Same place again this evening after I got home from work,, this time i checked the mileage on my truck and I was off by a mile, it is at the 9 mile mark!! Woo-Hoo pigeons!!! I pulled up and did not see them circling anywhere and almost got worried. Walked back to the coop and put the baskets away and still had not seen them yet,, turned around only to find them sittin on the house already!! Panting like they had done something,, little boogers tricked me!!! It is just a touch warm this evening,, but we are still right on track!!!!


----------



## Silver Wings (Jan 27, 2014)

Wooo Doggie!! Isn't it fun? So happy for you!

I didn't get to go today. Weather was still too iffy for the young ones. Soooooo again I hold out hope for tomorrow. We are getting ready for a BIG temp spike... so that's gonna make things interesting too (20*F higher from high 60s to low 90s - Not sure I'll survive it if they do hahaha).


----------



## pigeonflier (May 4, 2014)

Are you racing the white birds,, silver wings? If so, when will your season start? Do you have more than just white birds?


----------



## Silver Wings (Jan 27, 2014)

pigeonflier said:


> Are you racing the white birds,, silver wings? If so, when will your season start? Do you have more than just white birds?


I have mainly whites. Working on my "colors' now for racing... We will see how that goes... If I do great, I will keep adding, if not, I'll stick with white.
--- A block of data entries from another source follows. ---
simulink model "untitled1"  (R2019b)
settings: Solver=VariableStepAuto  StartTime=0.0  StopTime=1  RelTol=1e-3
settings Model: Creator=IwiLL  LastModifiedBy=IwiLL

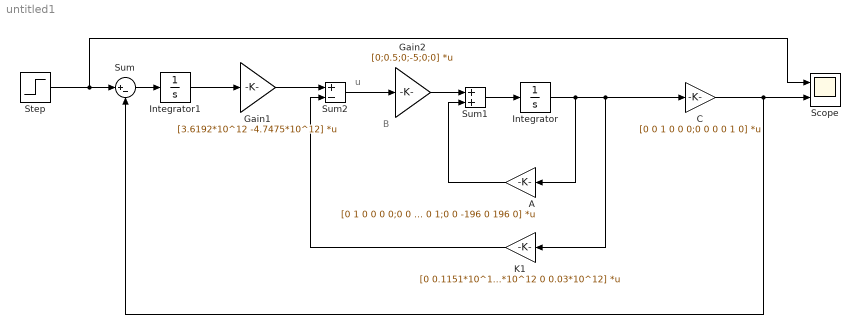
== system untitled1 ==
  note: B
  note: u
  A : Gain  Gain=[0 1 0 0 0 0;0 0 -0.98 0 0 0;0 0 0 1 0 0;0 0 205.8 0 -98 0;0 0 0 0 0 1;0 0 -196 0 196 0]  Multiplication=Matrix(K*u)
  C : Gain  Gain=[0 0 1 0 0 0;0 0 0 0 1 0]  Multiplication=Matrix(K*u)
  Gain1 : Gain  Gain=[3.6192*10^12 -4.7475*10^12]  Multiplication=Matrix(K*u)
  Gain2 : Gain  Gain=[0;0.5;0;-5;0;0]  Multiplication=Matrix(K*u)
  Integrator : Integrator  InitialCondition=rand(6,1)
  Integrator1 : Integrator
  K1 : Gain  Gain=[0 0.1151*10^12 0 0.01115*10^12 0 0.03*10^12]  Multiplication=Matrix(K*u)
  Scope : Scope  NumInputPorts=2
  Step : Step  Time=0  SampleTime=0
  Sum : Sum  Inputs=|+-
  Sum1 : Sum
  Sum2 : Sum  Inputs=+-
  wires:
  Step/1 -> Scope/1, Sum/1
  Integrator/1 -> A/1, C/1, K1/1
  Sum1/1 -> Integrator/1
  K1/1 -> Sum2/2
  Gain2/1 -> Sum1/1
  A/1 -> Sum1/2
  Sum2/1 -> Gain2/1
  C/1 -> Sum/2, Scope/2
  Gain1/1 -> Sum2/1
  Integrator1/1 -> Gain1/1
  Sum/1 -> Integrator1/1
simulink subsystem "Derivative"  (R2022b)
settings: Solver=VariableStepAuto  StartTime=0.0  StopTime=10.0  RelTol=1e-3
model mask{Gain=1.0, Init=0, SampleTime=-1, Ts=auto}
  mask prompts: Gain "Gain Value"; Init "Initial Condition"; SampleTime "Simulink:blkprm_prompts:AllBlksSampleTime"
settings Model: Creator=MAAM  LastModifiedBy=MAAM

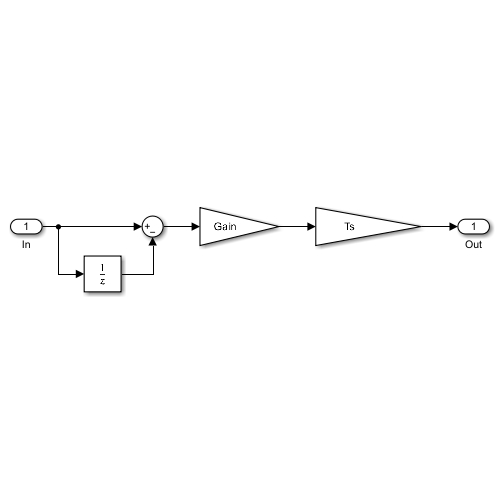
[thumbnail: Simulink's stored preview of the top-level diagram]
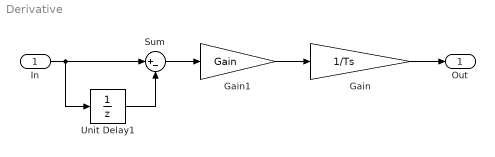
== system Derivative ==
  In : Inport
  Gain : Gain  Gain=1/Ts
  Gain1 : Gain  Gain=Gain
  Sum : Sum  Inputs=|+-
  Unit Delay1 : UnitDelay  SampleTime=-1  HasFrameUpgradeWarning=on
  Out : Outport
  wires:
  Sum/1 -> Gain1/1
  In/1 -> Unit Delay1/1, Sum/1
  Gain1/1 -> Gain/1
  Unit Delay1/1 -> Sum/2
  Gain/1 -> Out/1

I "race" them, but much differently here. Here there is no one else into pigeons or racing... So I race my birds as individuals here. I've been trying to get folks interested, but it is slow going as i am sure you understand.

There is only one official club in the state and they're 200 miles away from here. So I have to make my own 'fun and games'.


----------



## ssyyb2 (Sep 4, 2011)

Silver Wings said:


> I have mainly whites. Working on my "colors' now for racing... We will see how that goes... If I do great, I will keep adding, if not, I'll stick with white.
> 
> I "race" them, but much differently here. Here there is no one else into pigeons or racing... So I race my birds as individuals here. I've been trying to get folks interested, but it is slow going as i am sure you understand.
> 
> There is only one official club in the state and they're 200 miles away from here. So I have to make my own 'fun and games'.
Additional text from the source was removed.